SpaceX successfully launched the latest mission to the International Space Station using the upgraded Dragon capsule, which will be docked with the space station.
SpaceX launched its latest batch of cargo and supplies to the International Space Station, but the spacecraft used by the company is slightly different from past supply missions. SpaceX is flying its newly upgraded Dragon capsule to transport cargo to space, and the company has been using this vehicle to take astronauts to the space station.
SpaceX has been supplying the space station since 2012. For the previous 20 missions, the company has used the original version of its Dragon capsule. However, SpaceX began to develop a new Dragon capsule to transport people to and from the ISS.
The carrier named “Crew Dragon” or “Dragon 2” took the first crew into space in May. With the new version being put into use, SpaceX decided not to use its old Dragon capsule, but to use the upgraded version to carry crew and cargo.
The Dragon 2 capsule has many upgrades based on its previous version; SpaceX says it can carry more than 50% of the scientific payload. The new Dragon can also automatically dock with the space station.
The previous version had to be docked: it will slowly approach the International Space Station, and the crew on the station will use a robotic arm to grab the incoming compartment and move it to the open docking port. Dragon 2 can dock and attach to the ISS without any help from humans.
The mission will provide supplies for the space station and astronauts, and will also bring some experiments to the International Space Station. They include the European Space Agency’s biological asteroids, which will test how microgravity affects biological mining (the process of extracting elements from rocks using microorganisms).
The mission will also conduct the first COVID-19 drug research experiment in space to try to improve the efficiency of the antiviral drug Remdesivir. The ship will also install Nanorocks’ commercial airlock module, which is basically a large metal cup attached to the outside of the ISS, designed to carry payloads and other materials from the pressurized environment of the ISS into space.

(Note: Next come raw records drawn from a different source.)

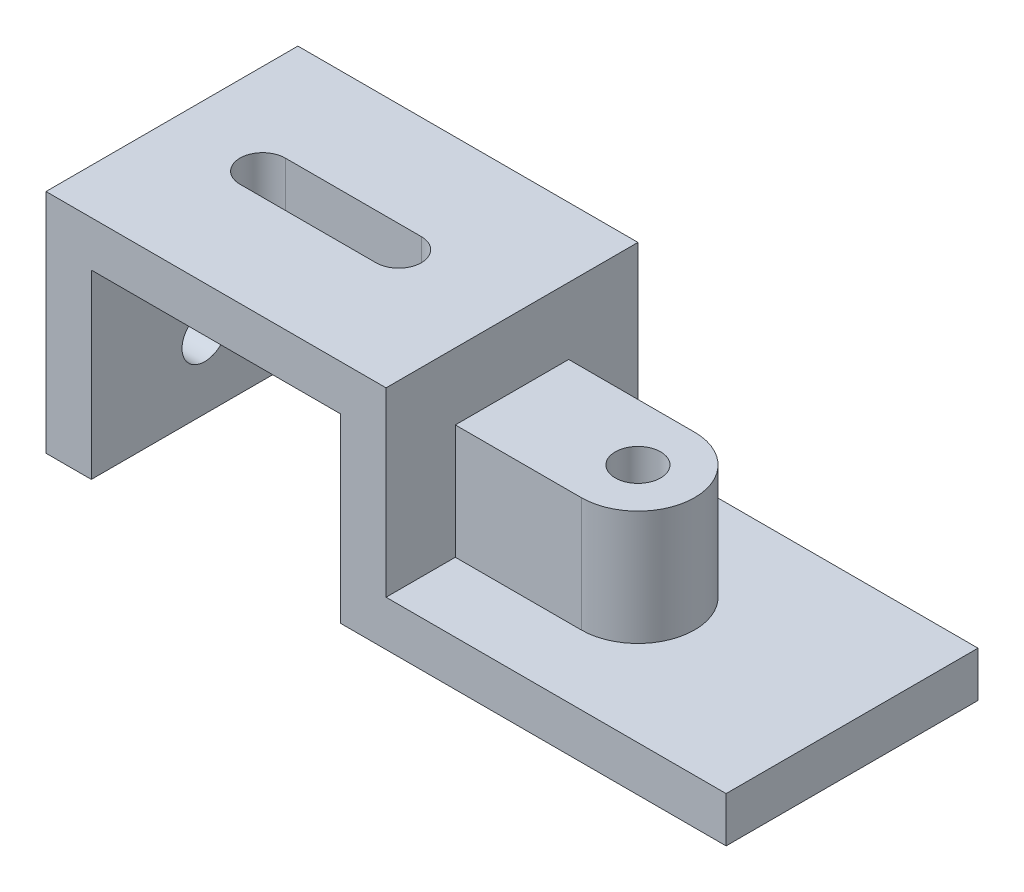
ISO-10303-21;
HEADER;
FILE_DESCRIPTION(('STEP AP214'),'2;1');
FILE_NAME('part.step','',(''),(''),'','','');
FILE_SCHEMA(('AUTOMOTIVE_DESIGN { 1 0 10303 214 1 1 1 1 }'));
ENDSEC;
DATA;
#1=APPLICATION_CONTEXT('core data for automotive mechanical design processes');
#2=APPLICATION_PROTOCOL_DEFINITION('international standard','automotive_design',2000,#1);
#3=PRODUCT_CONTEXT('',#1,'mechanical');
#4=PRODUCT('Part','Part','',(#3));
#5=PRODUCT_RELATED_PRODUCT_CATEGORY('part','',(#4));
#6=PRODUCT_DEFINITION_FORMATION('','',#4);
#7=PRODUCT_DEFINITION_CONTEXT('part definition',#1,'design');
#8=PRODUCT_DEFINITION('design','',#6,#7);
#9=PRODUCT_DEFINITION_SHAPE('','',#8);
#10=(LENGTH_UNIT() NAMED_UNIT(*) SI_UNIT(.MILLI.,.METRE.));
#11=(NAMED_UNIT(*) PLANE_ANGLE_UNIT() SI_UNIT($,.RADIAN.));
#12=(NAMED_UNIT(*) SI_UNIT($,.STERADIAN.) SOLID_ANGLE_UNIT());
#13=UNCERTAINTY_MEASURE_WITH_UNIT(LENGTH_MEASURE(1.E-05),#10,'distance_accuracy_value','');
#14=(GEOMETRIC_REPRESENTATION_CONTEXT(3) GLOBAL_UNCERTAINTY_ASSIGNED_CONTEXT((#13)) GLOBAL_UNIT_ASSIGNED_CONTEXT((#10,
#11,#12)) REPRESENTATION_CONTEXT('',''));
#15=CARTESIAN_POINT('',(0.,0.,0.));
#16=DIRECTION('',(0.,0.,1.));
#17=DIRECTION('',(1.,0.,0.));
#18=AXIS2_PLACEMENT_3D('',#15,#16,#17);
#19=CARTESIAN_POINT('',(0.,0.,100.));
#20=DIRECTION('',(1.,0.,0.));
#21=DIRECTION('',(0.,0.,-1.));
#22=AXIS2_PLACEMENT_3D('',#19,#20,#21);
#23=PLANE('',#22);
#24=DIRECTION('',(0.,-1.,0.));
#25=VECTOR('',#24,1.);
#26=CARTESIAN_POINT('',(0.,0.,0.));
#27=LINE('',#26,#25);
#28=CARTESIAN_POINT('',(0.,90.,0.));
#29=VERTEX_POINT('',#28);
#30=CARTESIAN_POINT('',(0.,0.,0.));
#31=VERTEX_POINT('',#30);
#32=EDGE_CURVE('E252',#29,#31,#27,.T.);
#33=ORIENTED_EDGE('',*,*,#32,.T.);
#34=DIRECTION('',(0.,0.,-1.));
#35=VECTOR('',#34,1.);
#36=CARTESIAN_POINT('',(0.,0.,100.));
#37=LINE('',#36,#35);
#38=CARTESIAN_POINT('',(0.,0.,100.));
#39=VERTEX_POINT('',#38);
#40=EDGE_CURVE('E279',#39,#31,#37,.T.);
#41=ORIENTED_EDGE('',*,*,#40,.F.);
#42=DIRECTION('',(0.,-1.,0.));
#43=VECTOR('',#42,1.);
#44=CARTESIAN_POINT('',(0.,0.,100.));
#45=LINE('',#44,#43);
#46=CARTESIAN_POINT('',(0.,90.,100.));
#47=VERTEX_POINT('',#46);
#48=EDGE_CURVE('E276',#47,#39,#45,.T.);
#49=ORIENTED_EDGE('',*,*,#48,.F.);
#50=DIRECTION('',(0.,0.,-1.));
#51=VECTOR('',#50,1.);
#52=CARTESIAN_POINT('',(0.,90.,100.));
#53=LINE('',#52,#51);
#54=EDGE_CURVE('E313',#47,#29,#53,.T.);
#55=ORIENTED_EDGE('',*,*,#54,.T.);
#56=EDGE_LOOP('',(#33,#41,#49,#55));
#57=FACE_BOUND('',#56,.T.);
#58=CARTESIAN_POINT('',(0.,27.,55.));
#59=DIRECTION('',(-1.,0.,0.));
#60=DIRECTION('',(0.,0.,1.));
#61=AXIS2_PLACEMENT_3D('',#58,#59,#60);
#62=CIRCLE('',#61,9.00000000000001);
#63=CARTESIAN_POINT('',(0.,27.,64.));
#64=VERTEX_POINT('',#63);
#65=EDGE_CURVE('E578',#64,#64,#62,.T.);
#66=ORIENTED_EDGE('',*,*,#65,.F.);
#67=EDGE_LOOP('',(#66));
#68=FACE_BOUND('',#67,.T.);
#69=ADVANCED_FACE('F45',(#57,#68),#23,.F.);
#70=CARTESIAN_POINT('',(135.,18.,100.));
#71=DIRECTION('',(0.,-1.,0.));
#72=DIRECTION('',(1.,0.,0.));
#73=AXIS2_PLACEMENT_3D('',#70,#71,#72);
#74=PLANE('',#73);
#75=DIRECTION('',(1.,0.,0.));
#76=VECTOR('',#75,1.);
#77=CARTESIAN_POINT('',(185.,18.,72.5));
#78=LINE('',#77,#76);
#79=CARTESIAN_POINT('',(135.,18.,72.5));
#80=VERTEX_POINT('',#79);
#81=CARTESIAN_POINT('',(185.,18.,72.5));
#82=VERTEX_POINT('',#81);
#83=EDGE_CURVE('E591',#80,#82,#78,.T.);
#84=ORIENTED_EDGE('',*,*,#83,.F.);
#85=DIRECTION('',(0.,0.,-1.));
#86=VECTOR('',#85,1.);
#87=CARTESIAN_POINT('',(135.,18.,100.));
#88=LINE('',#87,#86);
#89=CARTESIAN_POINT('',(135.,18.,100.));
#90=VERTEX_POINT('',#89);
#91=EDGE_CURVE('E196',#90,#80,#88,.T.);
#92=ORIENTED_EDGE('',*,*,#91,.F.);
#93=DIRECTION('',(-1.,0.,0.));
#94=VECTOR('',#93,1.);
#95=CARTESIAN_POINT('',(135.,18.,100.));
#96=LINE('',#95,#94);
#97=CARTESIAN_POINT('',(270.,18.,100.));
#98=VERTEX_POINT('',#97);
#99=EDGE_CURVE('E267',#98,#90,#96,.T.);
#100=ORIENTED_EDGE('',*,*,#99,.F.);
#101=DIRECTION('',(0.,0.,-1.));
#102=VECTOR('',#101,1.);
#103=CARTESIAN_POINT('',(270.,18.,100.));
#104=LINE('',#103,#102);
#105=CARTESIAN_POINT('',(270.,18.,0.));
#106=VERTEX_POINT('',#105);
#107=EDGE_CURVE('E324',#98,#106,#104,.T.);
#108=ORIENTED_EDGE('',*,*,#107,.T.);
#109=DIRECTION('',(-1.,0.,0.));
#110=VECTOR('',#109,1.);
#111=CARTESIAN_POINT('',(135.,18.,0.));
#112=LINE('',#111,#110);
#113=CARTESIAN_POINT('',(135.,18.,0.));
#114=VERTEX_POINT('',#113);
#115=EDGE_CURVE('E298',#106,#114,#112,.T.);
#116=ORIENTED_EDGE('',*,*,#115,.T.);
#117=CARTESIAN_POINT('',(135.,18.,27.5));
#118=VERTEX_POINT('',#117);
#119=EDGE_CURVE('E321',#118,#114,#88,.T.);
#120=ORIENTED_EDGE('',*,*,#119,.F.);
#121=DIRECTION('',(-1.,0.,0.));
#122=VECTOR('',#121,1.);
#123=CARTESIAN_POINT('',(185.,18.,27.5));
#124=LINE('',#123,#122);
#125=CARTESIAN_POINT('',(185.,18.,27.5));
#126=VERTEX_POINT('',#125);
#127=EDGE_CURVE('E190',#126,#118,#124,.T.);
#128=ORIENTED_EDGE('',*,*,#127,.F.);
#129=CARTESIAN_POINT('',(185.,18.,50.));
#130=DIRECTION('',(0.,1.,0.));
#131=DIRECTION('',(-1.,0.,0.));
#132=AXIS2_PLACEMENT_3D('',#129,#130,#131);
#133=CIRCLE('',#132,22.5);
#134=EDGE_CURVE('E599',#82,#126,#133,.T.);
#135=ORIENTED_EDGE('',*,*,#134,.F.);
#136=EDGE_LOOP('',(#84,#92,#100,#108,#116,#120,#128,#135));
#137=FACE_BOUND('',#136,.T.);
#138=ADVANCED_FACE('F385',(#137),#74,.F.);
#139=CARTESIAN_POINT('',(135.,90.,100.));
#140=DIRECTION('',(-1.,0.,0.));
#141=DIRECTION('',(0.,0.,1.));
#142=AXIS2_PLACEMENT_3D('',#139,#140,#141);
#143=PLANE('',#142);
#144=DIRECTION('',(0.,-1.,0.));
#145=VECTOR('',#144,1.);
#146=CARTESIAN_POINT('',(135.,63.5,72.5));
#147=LINE('',#146,#145);
#148=CARTESIAN_POINT('',(135.,63.5,72.5));
#149=VERTEX_POINT('',#148);
#150=EDGE_CURVE('E175',#149,#80,#147,.T.);
#151=ORIENTED_EDGE('',*,*,#150,.F.);
#152=DIRECTION('',(0.,0.,1.));
#153=VECTOR('',#152,1.);
#154=CARTESIAN_POINT('',(135.,63.5,72.5));
#155=LINE('',#154,#153);
#156=CARTESIAN_POINT('',(135.,63.5,27.5));
#157=VERTEX_POINT('',#156);
#158=EDGE_CURVE('E183',#157,#149,#155,.T.);
#159=ORIENTED_EDGE('',*,*,#158,.F.);
#160=DIRECTION('',(0.,-1.,0.));
#161=VECTOR('',#160,1.);
#162=CARTESIAN_POINT('',(135.,63.5,27.5));
#163=LINE('',#162,#161);
#164=EDGE_CURVE('E61',#157,#118,#163,.T.);
#165=ORIENTED_EDGE('',*,*,#164,.T.);
#166=ORIENTED_EDGE('',*,*,#119,.T.);
#167=DIRECTION('',(0.,1.,0.));
#168=VECTOR('',#167,1.);
#169=CARTESIAN_POINT('',(135.,90.,0.));
#170=LINE('',#169,#168);
#171=CARTESIAN_POINT('',(135.,90.,0.));
#172=VERTEX_POINT('',#171);
#173=EDGE_CURVE('E302',#114,#172,#170,.T.);
#174=ORIENTED_EDGE('',*,*,#173,.T.);
#175=DIRECTION('',(0.,0.,-1.));
#176=VECTOR('',#175,1.);
#177=CARTESIAN_POINT('',(135.,90.,100.));
#178=LINE('',#177,#176);
#179=CARTESIAN_POINT('',(135.,90.,100.));
#180=VERTEX_POINT('',#179);
#181=EDGE_CURVE('E317',#180,#172,#178,.T.);
#182=ORIENTED_EDGE('',*,*,#181,.F.);
#183=DIRECTION('',(0.,1.,0.));
#184=VECTOR('',#183,1.);
#185=CARTESIAN_POINT('',(135.,90.,100.));
#186=LINE('',#185,#184);
#187=EDGE_CURVE('E270',#90,#180,#186,.T.);
#188=ORIENTED_EDGE('',*,*,#187,.F.);
#189=ORIENTED_EDGE('',*,*,#91,.T.);
#190=EDGE_LOOP('',(#151,#159,#165,#166,#174,#182,#188,#189));
#191=FACE_BOUND('',#190,.T.);
#192=ADVANCED_FACE('F193',(#191),#143,.F.);
#193=CARTESIAN_POINT('',(18.,0.,100.));
#194=DIRECTION('',(0.,1.,0.));
#195=DIRECTION('',(-1.,0.,0.));
#196=AXIS2_PLACEMENT_3D('',#193,#194,#195);
#197=PLANE('',#196);
#198=DIRECTION('',(1.,0.,0.));
#199=VECTOR('',#198,1.);
#200=CARTESIAN_POINT('',(18.,0.,0.));
#201=LINE('',#200,#199);
#202=CARTESIAN_POINT('',(18.,0.,0.));
#203=VERTEX_POINT('',#202);
#204=EDGE_CURVE('E246',#31,#203,#201,.T.);
#205=ORIENTED_EDGE('',*,*,#204,.T.);
#206=DIRECTION('',(0.,0.,-1.));
#207=VECTOR('',#206,1.);
#208=CARTESIAN_POINT('',(18.,0.,100.));
#209=LINE('',#208,#207);
#210=CARTESIAN_POINT('',(18.,0.,100.));
#211=VERTEX_POINT('',#210);
#212=EDGE_CURVE('E11',#211,#203,#209,.T.);
#213=ORIENTED_EDGE('',*,*,#212,.F.);
#214=DIRECTION('',(1.,0.,0.));
#215=VECTOR('',#214,1.);
#216=CARTESIAN_POINT('',(18.,0.,100.));
#217=LINE('',#216,#215);
#218=EDGE_CURVE('E247',#39,#211,#217,.T.);
#219=ORIENTED_EDGE('',*,*,#218,.F.);
#220=ORIENTED_EDGE('',*,*,#40,.T.);
#221=EDGE_LOOP('',(#205,#213,#219,#220));
#222=FACE_BOUND('',#221,.T.);
#223=ADVANCED_FACE('F47',(#222),#197,.F.);
#224=CARTESIAN_POINT('',(18.,72.,100.));
#225=DIRECTION('',(-1.,0.,0.));
#226=DIRECTION('',(0.,-1.,0.));
#227=AXIS2_PLACEMENT_3D('',#224,#225,#226);
#228=PLANE('',#227);
#229=CARTESIAN_POINT('',(18.,27.,55.));
#230=DIRECTION('',(-1.,0.,0.));
#231=DIRECTION('',(0.,-1.,0.));
#232=AXIS2_PLACEMENT_3D('',#229,#230,#231);
#233=CIRCLE('',#232,9.00000000000001);
#234=CARTESIAN_POINT('',(18.,18.,55.));
#235=VERTEX_POINT('',#234);
#236=EDGE_CURVE('E575',#235,#235,#233,.T.);
#237=ORIENTED_EDGE('',*,*,#236,.T.);
#238=EDGE_LOOP('',(#237));
#239=FACE_BOUND('',#238,.T.);
#240=DIRECTION('',(0.,1.,0.));
#241=VECTOR('',#240,1.);
#242=CARTESIAN_POINT('',(18.,72.,0.));
#243=LINE('',#242,#241);
#244=CARTESIAN_POINT('',(18.,72.,0.));
#245=VERTEX_POINT('',#244);
#246=EDGE_CURVE('E283',#203,#245,#243,.T.);
#247=ORIENTED_EDGE('',*,*,#246,.T.);
#248=DIRECTION('',(0.,0.,-1.));
#249=VECTOR('',#248,1.);
#250=CARTESIAN_POINT('',(18.,72.,100.));
#251=LINE('',#250,#249);
#252=CARTESIAN_POINT('',(18.,72.,100.));
#253=VERTEX_POINT('',#252);
#254=EDGE_CURVE('E54',#253,#245,#251,.T.);
#255=ORIENTED_EDGE('',*,*,#254,.F.);
#256=DIRECTION('',(0.,1.,0.));
#257=VECTOR('',#256,1.);
#258=CARTESIAN_POINT('',(18.,72.,100.));
#259=LINE('',#258,#257);
#260=EDGE_CURVE('E251',#211,#253,#259,.T.);
#261=ORIENTED_EDGE('',*,*,#260,.F.);
#262=ORIENTED_EDGE('',*,*,#212,.T.);
#263=EDGE_LOOP('',(#247,#255,#261,#262));
#264=FACE_BOUND('',#263,.T.);
#265=ADVANCED_FACE('F368',(#239,#264),#228,.F.);
#266=CARTESIAN_POINT('',(117.,72.,100.));
#267=DIRECTION('',(0.,1.,0.));
#268=DIRECTION('',(-1.,0.,0.));
#269=AXIS2_PLACEMENT_3D('',#266,#267,#268);
#270=PLANE('',#269);
#271=DIRECTION('',(-1.,0.,0.));
#272=VECTOR('',#271,1.);
#273=CARTESIAN_POINT('',(117.,72.,41.));
#274=LINE('',#273,#272);
#275=CARTESIAN_POINT('',(90.,72.,41.));
#276=VERTEX_POINT('',#275);
#277=CARTESIAN_POINT('',(36.,72.,41.));
#278=VERTEX_POINT('',#277);
#279=EDGE_CURVE('E238',#276,#278,#274,.T.);
#280=ORIENTED_EDGE('',*,*,#279,.T.);
#281=CARTESIAN_POINT('',(36.,72.,50.));
#282=DIRECTION('',(0.,1.,0.));
#283=DIRECTION('',(-1.,0.,0.));
#284=AXIS2_PLACEMENT_3D('',#281,#282,#283);
#285=CIRCLE('',#284,9.00000000000001);
#286=CARTESIAN_POINT('',(36.,72.,59.));
#287=VERTEX_POINT('',#286);
#288=EDGE_CURVE('E242',#278,#287,#285,.T.);
#289=ORIENTED_EDGE('',*,*,#288,.T.);
#290=DIRECTION('',(1.,0.,0.));
#291=VECTOR('',#290,1.);
#292=CARTESIAN_POINT('',(117.,72.,59.));
#293=LINE('',#292,#291);
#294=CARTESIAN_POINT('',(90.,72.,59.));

Once this space capsule arrives at the space station, it will no longer be the only dragon hanging on the International Space Station. On November 15, SpaceX used another Dragon capsule to launch four crew members to the International Space Station, and the capsule docked with the space station a day later.
This means that after the flight takes off, two dragons will be docked at the International Space Station. SpaceX’s head of flying dragon mission management Sarah Walker said at a pre-flight press conference: “This is the first time that two Dragons have appeared on the space station at the same time.” “At least until the end of 2021, this has indeed attracted the continued existence of Dragon. season.”
Due to weather conditions, the mission has been rescheduled, but it is now scheduled to be launched from the Kennedy Space Center in Florida at 11:17 am Eastern Time. SpaceX is using one of its second-hand Falcon 9 rockets for missions, which has previously flown three times.
In fact, this is the same rocket that launched SpaceX’s first two crew members to the station in May. After the flight, Falcon 9 will attempt to land on a SpaceX drone in the Atlantic Ocean. The Dragon capsule is expected to dock with the ISS on December 7.